In the Military Drill World and especially the Ceremonial Drill World there are some times when “Never” and “Always” are necessary. To say, “A draped casket is never carried”, or something similar, is just not so. A drape, dress, or band situation is not one of those times for an always or never, except where noted below.

Defining our Terms

Draped Casket: The flag is laid over the casket.

Draped Casket (Circa 1985)
Here, a US Navy Ceremonial Guard Carry Team escort the remains of a fallen shipmate in a transfer case.
Trasnfer cases are now banded underneath the flag and the flag is then folded and tucked into the band on all four sides.

Dressed Casket: The flag is “dressed” (folded up) at each end.

Fully Dressed Casket (Both Ends)
Here, the last two guards for Casket Watch dressed the flag and are now rotating the casket to escort it out of the chapel to the awaiting pallbearers.

Banded Casket: A Casket band is around the flag holding it to the casket.

Banded Casket
Here, firefighters train to place the casket on the hose bed of an antique fire truck.
Draped casket
Circa 1960-1975 copyright Carnegie Museum of Art, Charles “Teenie” Harris Archive

When and Why

Pallbearers transporting a fully draped casket

Carrying a draped casket. There is no reason that a team of pallbearers cannot carry a casket with the flag draped. It’s just a technique the team can use. However, the team must also have a planned technique for ensuring the flag does not get caught under the casket when loading and unloading the casket from the coach, caisson, apparatus, or mockup. I wish I had pictures of my time with USAF Base Honor Guards, but we didn’t take pictures that much back then. At the mockup, the four pallbearers at each end would take their outside hand along the edge of the flag, run it out to the corner and lift the corner holding it out from the casket to prevent setting the casket down on the flag. The casket would be lowered and the Tabletop sequence would then commence. However, dressing the flag from the start eliminates any possible issues.

Training: Holding the corners of the flag before setting down the casket

See also, All About the Flag on the Casket.

President GWB’s draped casket

Dressing the Flag

Here, the lead pallbearer uses an Air Force technique to dress the flag before the pallbearers approach

This technique can eliminate the guesswork ensuring the the flag is secure and not in danger of being caught on anything.

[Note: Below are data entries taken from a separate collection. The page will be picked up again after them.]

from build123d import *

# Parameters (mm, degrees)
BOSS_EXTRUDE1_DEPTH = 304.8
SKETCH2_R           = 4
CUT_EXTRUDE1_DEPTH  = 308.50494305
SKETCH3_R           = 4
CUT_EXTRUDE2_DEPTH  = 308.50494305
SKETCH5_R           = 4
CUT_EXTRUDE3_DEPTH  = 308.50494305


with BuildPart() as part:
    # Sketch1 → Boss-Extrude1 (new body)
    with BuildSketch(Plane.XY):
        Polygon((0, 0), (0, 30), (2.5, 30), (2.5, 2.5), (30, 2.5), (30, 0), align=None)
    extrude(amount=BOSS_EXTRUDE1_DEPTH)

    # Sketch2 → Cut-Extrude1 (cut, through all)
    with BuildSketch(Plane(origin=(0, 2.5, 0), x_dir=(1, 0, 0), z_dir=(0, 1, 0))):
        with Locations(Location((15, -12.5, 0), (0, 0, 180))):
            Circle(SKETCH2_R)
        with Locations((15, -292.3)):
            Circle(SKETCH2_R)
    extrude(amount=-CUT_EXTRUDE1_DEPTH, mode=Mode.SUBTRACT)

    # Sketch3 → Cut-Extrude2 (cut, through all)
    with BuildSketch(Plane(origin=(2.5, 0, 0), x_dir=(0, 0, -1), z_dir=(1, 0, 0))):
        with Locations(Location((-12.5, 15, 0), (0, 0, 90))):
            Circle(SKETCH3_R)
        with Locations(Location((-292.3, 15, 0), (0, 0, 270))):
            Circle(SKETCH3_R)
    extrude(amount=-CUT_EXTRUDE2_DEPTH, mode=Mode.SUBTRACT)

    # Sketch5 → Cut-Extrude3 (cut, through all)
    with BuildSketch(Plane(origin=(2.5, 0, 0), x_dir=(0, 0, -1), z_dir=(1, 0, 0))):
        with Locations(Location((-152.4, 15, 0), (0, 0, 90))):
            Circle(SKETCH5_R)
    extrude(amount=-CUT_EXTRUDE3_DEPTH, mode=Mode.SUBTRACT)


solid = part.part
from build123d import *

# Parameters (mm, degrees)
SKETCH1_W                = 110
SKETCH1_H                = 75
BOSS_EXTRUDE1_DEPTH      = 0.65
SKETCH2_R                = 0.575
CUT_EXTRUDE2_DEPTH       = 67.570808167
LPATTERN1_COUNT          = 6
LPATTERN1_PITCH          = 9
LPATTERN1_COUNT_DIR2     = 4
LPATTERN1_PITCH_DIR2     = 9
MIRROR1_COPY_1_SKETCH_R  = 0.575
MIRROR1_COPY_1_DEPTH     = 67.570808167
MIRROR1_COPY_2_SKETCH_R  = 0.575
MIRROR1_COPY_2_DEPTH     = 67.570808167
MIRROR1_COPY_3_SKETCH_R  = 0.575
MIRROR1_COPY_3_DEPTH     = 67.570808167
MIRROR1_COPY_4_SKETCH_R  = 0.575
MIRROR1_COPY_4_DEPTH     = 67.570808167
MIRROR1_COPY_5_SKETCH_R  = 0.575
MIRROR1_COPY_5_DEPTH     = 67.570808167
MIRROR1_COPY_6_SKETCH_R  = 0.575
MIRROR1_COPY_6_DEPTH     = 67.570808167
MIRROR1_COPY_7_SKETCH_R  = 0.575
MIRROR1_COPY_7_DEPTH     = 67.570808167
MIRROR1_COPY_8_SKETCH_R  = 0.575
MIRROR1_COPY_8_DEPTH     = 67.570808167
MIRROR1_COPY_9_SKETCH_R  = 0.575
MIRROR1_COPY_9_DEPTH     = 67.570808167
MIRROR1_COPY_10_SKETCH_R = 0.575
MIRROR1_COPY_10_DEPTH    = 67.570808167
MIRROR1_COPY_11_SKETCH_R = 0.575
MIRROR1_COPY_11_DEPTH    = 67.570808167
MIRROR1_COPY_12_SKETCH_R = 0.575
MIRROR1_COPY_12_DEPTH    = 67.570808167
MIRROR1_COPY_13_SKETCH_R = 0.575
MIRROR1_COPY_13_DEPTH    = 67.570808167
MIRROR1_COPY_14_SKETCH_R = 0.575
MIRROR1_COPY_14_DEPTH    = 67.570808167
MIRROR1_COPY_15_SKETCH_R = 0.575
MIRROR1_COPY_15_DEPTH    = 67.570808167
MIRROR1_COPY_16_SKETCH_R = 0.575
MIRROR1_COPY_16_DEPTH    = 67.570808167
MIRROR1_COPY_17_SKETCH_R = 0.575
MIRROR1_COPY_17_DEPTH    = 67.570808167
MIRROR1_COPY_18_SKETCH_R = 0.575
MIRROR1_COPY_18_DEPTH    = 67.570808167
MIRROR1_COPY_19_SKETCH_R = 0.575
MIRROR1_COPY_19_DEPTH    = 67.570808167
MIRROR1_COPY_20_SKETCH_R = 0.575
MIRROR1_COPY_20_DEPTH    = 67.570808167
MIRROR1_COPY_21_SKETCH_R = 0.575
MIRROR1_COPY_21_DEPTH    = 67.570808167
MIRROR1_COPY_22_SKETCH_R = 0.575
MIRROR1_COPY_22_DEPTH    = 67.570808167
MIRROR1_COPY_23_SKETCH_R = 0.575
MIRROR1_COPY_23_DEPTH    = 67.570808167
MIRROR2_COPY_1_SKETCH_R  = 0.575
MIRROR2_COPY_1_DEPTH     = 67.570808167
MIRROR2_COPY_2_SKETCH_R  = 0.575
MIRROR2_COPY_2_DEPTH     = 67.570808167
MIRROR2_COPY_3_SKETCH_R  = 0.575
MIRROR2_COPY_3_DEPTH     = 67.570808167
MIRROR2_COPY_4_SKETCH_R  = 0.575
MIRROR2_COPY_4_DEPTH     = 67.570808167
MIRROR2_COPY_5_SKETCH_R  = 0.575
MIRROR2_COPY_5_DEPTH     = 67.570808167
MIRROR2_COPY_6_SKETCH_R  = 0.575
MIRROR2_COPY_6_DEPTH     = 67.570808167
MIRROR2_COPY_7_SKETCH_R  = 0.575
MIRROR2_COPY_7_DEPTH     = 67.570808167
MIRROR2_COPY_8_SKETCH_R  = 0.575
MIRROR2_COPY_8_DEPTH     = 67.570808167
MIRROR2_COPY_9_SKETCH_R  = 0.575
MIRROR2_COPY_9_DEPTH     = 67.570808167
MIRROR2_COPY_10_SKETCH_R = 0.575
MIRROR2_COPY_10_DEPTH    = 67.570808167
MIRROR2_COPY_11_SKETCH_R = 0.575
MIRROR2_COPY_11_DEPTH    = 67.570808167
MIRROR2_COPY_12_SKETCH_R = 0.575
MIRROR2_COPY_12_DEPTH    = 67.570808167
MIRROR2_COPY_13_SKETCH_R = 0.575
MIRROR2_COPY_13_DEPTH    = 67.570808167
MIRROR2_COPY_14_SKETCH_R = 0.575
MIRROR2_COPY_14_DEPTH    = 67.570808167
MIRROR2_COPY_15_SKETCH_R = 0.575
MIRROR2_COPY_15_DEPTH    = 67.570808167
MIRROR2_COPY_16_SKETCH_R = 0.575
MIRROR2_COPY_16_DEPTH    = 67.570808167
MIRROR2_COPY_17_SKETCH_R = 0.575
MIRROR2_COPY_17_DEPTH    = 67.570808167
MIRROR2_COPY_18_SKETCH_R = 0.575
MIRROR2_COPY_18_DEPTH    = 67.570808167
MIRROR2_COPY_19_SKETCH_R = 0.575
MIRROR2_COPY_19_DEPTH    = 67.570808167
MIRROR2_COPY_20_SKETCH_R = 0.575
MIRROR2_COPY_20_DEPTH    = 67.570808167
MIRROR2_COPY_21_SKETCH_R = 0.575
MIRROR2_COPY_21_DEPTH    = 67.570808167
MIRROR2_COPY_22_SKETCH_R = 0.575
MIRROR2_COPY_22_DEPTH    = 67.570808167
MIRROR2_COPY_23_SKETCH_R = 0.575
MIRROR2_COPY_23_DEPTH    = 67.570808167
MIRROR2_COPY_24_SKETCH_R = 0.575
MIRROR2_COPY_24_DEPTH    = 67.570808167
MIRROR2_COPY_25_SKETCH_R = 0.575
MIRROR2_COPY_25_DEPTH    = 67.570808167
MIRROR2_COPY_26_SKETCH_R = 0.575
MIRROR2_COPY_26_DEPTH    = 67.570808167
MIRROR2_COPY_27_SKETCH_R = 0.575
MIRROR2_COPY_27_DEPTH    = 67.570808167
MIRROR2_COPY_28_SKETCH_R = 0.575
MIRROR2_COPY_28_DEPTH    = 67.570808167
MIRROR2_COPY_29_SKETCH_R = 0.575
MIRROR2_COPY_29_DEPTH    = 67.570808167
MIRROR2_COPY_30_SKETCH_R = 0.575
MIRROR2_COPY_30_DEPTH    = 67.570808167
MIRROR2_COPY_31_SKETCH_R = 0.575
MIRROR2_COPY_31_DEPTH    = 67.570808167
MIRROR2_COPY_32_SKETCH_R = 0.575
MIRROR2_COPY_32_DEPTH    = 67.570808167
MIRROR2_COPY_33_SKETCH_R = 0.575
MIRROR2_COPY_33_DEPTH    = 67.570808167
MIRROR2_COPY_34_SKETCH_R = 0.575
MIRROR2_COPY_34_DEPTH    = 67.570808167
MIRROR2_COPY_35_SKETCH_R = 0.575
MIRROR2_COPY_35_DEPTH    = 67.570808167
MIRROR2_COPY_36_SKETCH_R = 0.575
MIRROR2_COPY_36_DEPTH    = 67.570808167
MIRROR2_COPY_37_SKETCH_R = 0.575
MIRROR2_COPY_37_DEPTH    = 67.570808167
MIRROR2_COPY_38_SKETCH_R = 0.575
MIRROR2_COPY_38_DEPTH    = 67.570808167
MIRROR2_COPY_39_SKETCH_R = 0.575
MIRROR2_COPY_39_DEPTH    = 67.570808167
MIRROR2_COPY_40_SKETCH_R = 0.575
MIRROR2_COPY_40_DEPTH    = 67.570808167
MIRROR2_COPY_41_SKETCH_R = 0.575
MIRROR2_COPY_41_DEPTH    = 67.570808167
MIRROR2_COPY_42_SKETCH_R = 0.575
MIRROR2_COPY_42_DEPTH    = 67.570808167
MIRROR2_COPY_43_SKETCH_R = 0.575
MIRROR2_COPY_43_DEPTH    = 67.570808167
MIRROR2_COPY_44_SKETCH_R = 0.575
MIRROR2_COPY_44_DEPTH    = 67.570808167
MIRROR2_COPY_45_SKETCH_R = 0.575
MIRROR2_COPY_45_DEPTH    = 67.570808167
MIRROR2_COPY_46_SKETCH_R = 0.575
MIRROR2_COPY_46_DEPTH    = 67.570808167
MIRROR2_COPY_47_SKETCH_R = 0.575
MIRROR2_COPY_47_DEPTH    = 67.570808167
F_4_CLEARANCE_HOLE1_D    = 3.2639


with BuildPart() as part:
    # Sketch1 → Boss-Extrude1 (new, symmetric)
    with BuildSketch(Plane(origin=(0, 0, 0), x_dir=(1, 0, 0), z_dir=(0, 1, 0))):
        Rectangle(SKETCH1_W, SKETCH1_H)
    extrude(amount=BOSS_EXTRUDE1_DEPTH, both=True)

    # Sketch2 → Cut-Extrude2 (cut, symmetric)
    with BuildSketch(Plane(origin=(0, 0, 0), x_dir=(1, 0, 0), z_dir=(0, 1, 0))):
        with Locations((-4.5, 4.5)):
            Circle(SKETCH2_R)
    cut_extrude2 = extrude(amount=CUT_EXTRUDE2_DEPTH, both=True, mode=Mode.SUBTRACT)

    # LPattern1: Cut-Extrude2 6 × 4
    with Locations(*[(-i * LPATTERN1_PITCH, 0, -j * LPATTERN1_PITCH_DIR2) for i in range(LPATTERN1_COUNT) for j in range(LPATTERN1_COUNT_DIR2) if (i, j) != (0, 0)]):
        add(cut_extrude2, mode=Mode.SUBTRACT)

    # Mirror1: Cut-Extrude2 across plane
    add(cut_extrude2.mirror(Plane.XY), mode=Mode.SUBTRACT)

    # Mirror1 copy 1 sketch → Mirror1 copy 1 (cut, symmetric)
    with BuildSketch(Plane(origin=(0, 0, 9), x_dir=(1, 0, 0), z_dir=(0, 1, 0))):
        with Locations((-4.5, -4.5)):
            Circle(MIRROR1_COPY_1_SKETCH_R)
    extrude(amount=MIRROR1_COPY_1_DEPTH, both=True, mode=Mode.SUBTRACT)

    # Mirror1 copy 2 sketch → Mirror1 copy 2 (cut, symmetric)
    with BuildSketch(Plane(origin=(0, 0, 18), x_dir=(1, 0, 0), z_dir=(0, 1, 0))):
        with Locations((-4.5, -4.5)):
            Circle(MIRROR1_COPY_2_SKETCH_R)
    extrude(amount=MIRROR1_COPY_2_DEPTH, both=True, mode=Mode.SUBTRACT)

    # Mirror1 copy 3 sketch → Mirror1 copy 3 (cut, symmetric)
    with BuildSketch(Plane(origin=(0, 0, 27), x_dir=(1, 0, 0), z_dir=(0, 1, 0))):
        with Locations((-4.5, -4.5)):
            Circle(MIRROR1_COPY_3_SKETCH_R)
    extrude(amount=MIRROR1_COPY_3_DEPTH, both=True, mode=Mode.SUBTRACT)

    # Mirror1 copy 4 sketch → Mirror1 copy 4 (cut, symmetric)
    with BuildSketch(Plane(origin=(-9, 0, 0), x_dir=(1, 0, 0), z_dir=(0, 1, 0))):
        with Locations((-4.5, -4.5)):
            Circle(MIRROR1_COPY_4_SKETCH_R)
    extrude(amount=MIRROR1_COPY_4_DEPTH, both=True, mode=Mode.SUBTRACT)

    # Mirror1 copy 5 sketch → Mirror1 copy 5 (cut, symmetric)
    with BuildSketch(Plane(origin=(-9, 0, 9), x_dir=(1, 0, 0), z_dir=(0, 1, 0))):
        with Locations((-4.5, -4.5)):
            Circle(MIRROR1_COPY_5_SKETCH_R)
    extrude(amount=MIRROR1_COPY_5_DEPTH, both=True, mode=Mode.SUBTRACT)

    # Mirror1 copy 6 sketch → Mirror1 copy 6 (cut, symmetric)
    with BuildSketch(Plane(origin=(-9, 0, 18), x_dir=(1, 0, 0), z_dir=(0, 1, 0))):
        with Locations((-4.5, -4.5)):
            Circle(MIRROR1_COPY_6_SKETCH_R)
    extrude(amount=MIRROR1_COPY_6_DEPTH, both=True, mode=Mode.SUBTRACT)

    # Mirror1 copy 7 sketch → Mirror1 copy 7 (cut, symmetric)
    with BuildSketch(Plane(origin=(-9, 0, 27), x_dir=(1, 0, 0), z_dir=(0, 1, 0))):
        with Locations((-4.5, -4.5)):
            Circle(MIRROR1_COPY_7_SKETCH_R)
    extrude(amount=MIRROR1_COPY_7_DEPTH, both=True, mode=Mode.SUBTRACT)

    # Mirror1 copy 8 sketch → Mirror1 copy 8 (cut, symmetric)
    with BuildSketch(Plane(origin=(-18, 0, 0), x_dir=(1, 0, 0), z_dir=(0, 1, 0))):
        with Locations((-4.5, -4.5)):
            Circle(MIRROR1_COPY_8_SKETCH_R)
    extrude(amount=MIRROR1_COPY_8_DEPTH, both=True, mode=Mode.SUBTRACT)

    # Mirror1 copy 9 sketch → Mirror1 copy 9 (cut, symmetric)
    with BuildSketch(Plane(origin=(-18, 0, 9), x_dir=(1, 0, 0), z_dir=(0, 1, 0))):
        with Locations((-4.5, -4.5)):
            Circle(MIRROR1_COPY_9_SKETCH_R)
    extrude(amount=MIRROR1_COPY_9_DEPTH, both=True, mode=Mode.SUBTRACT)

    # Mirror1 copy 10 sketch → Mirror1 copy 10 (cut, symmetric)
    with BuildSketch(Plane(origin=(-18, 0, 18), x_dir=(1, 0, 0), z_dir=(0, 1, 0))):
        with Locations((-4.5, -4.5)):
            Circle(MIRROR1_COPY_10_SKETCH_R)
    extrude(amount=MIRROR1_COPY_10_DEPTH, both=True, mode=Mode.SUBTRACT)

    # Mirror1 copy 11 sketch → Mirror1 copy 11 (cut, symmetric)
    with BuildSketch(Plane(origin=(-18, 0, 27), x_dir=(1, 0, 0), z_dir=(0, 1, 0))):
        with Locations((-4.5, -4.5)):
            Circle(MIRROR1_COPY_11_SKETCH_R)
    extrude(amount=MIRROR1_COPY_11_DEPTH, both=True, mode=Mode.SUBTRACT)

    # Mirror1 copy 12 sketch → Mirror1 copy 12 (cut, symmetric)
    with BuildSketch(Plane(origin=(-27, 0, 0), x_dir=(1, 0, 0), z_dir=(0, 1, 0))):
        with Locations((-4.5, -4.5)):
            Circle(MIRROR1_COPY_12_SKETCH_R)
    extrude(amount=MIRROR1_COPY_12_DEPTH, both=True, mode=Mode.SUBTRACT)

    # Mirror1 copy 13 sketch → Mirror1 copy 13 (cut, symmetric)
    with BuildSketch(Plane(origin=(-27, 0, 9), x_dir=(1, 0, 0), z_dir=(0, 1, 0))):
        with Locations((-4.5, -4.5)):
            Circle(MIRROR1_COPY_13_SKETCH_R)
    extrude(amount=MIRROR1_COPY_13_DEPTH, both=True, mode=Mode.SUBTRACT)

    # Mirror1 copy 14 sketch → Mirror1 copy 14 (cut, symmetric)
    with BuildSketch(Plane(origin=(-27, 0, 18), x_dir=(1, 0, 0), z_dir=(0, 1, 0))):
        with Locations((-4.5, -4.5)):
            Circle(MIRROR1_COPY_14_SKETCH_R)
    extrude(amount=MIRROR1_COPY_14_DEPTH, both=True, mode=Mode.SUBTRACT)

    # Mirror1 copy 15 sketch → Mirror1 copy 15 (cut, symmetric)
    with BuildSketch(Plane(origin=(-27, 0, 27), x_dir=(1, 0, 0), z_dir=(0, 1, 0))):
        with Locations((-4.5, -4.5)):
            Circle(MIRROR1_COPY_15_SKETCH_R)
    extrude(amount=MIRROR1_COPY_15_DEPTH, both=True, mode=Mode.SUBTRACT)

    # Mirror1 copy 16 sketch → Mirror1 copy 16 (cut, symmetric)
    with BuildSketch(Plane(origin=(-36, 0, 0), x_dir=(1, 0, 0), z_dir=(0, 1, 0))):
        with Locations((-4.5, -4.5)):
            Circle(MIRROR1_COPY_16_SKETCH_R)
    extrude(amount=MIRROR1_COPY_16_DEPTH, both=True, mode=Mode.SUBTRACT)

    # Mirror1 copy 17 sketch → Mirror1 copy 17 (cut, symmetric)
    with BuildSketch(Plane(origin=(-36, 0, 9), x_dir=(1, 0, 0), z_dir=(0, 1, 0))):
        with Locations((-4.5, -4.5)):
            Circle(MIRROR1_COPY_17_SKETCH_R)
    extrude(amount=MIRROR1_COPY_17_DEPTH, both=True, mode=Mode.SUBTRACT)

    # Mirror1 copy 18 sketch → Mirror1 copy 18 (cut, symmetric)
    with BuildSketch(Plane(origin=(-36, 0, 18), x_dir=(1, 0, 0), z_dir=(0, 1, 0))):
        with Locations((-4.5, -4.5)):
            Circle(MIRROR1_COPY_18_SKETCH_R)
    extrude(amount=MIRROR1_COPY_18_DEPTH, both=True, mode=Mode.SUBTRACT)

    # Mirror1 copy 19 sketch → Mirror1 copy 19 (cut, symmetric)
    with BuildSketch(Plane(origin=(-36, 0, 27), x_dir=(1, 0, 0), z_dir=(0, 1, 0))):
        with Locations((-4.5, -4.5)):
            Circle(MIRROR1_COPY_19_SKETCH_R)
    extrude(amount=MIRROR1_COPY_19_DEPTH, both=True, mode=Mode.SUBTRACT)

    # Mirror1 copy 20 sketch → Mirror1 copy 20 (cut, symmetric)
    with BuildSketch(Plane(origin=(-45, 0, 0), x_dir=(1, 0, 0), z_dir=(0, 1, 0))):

Depending on the military service, there are different times to dress the flag. For United States Certified Ceremonial Guardsmen, the times are: right after the completion of Formal Casket Watch, as pictured above, and upon the pallbearers lifting the casket from the bier or pulling it out of the coach.

Fully dressed flag
This occurs immediately after the pallbearers have the casket out of the coach and Push-Pull has moved from the head to secure his corner

Banding the Flag

This is an “Always” situation since the casket on a fire truck hose bed must have the flag secured. It is not mandatory in other situations, although there are times it may be preferable. Place the band and tuck the flag prior to final transport. Dress the flag before each transport and then drape it when the casket initially rests at each point of the funeral or at the last stop, the grave site.

Context is always necessary. Flags have a casket band in Arlington and other national cemeteries due to the casket traveling on a caisson. A banded casket being carried can be due to constant transfer from one mode of transportation to another (caisson, aircraft, coach). A casket being placed outside and left unattended probably should have the flag banded so that a sudden wind gust does not create an extremely embarrassing moment.

Banded due to transport and being set down outside
Armed Forces body bearers carry President Gerald R. Ford into the the Gerald R. Ford Presidential Library and Museum during the funeral service Jan. 2 in Grand Rapids, Mich.

Or, movement on a flight line can require a band.

Priesdent Reagan’s casket

Other Techniques

There aren’t any.

Please do not roll

The Takeaway

United Stated Certified Ceremonial Guardsmen have their standards outlined in The Honor Guard Manual and each military service honor guard has theirs. While we can see that there are times when pallbearers should use a certain technique, there isn’t a right or wrong way for dressing, draping, or banding (except where noted).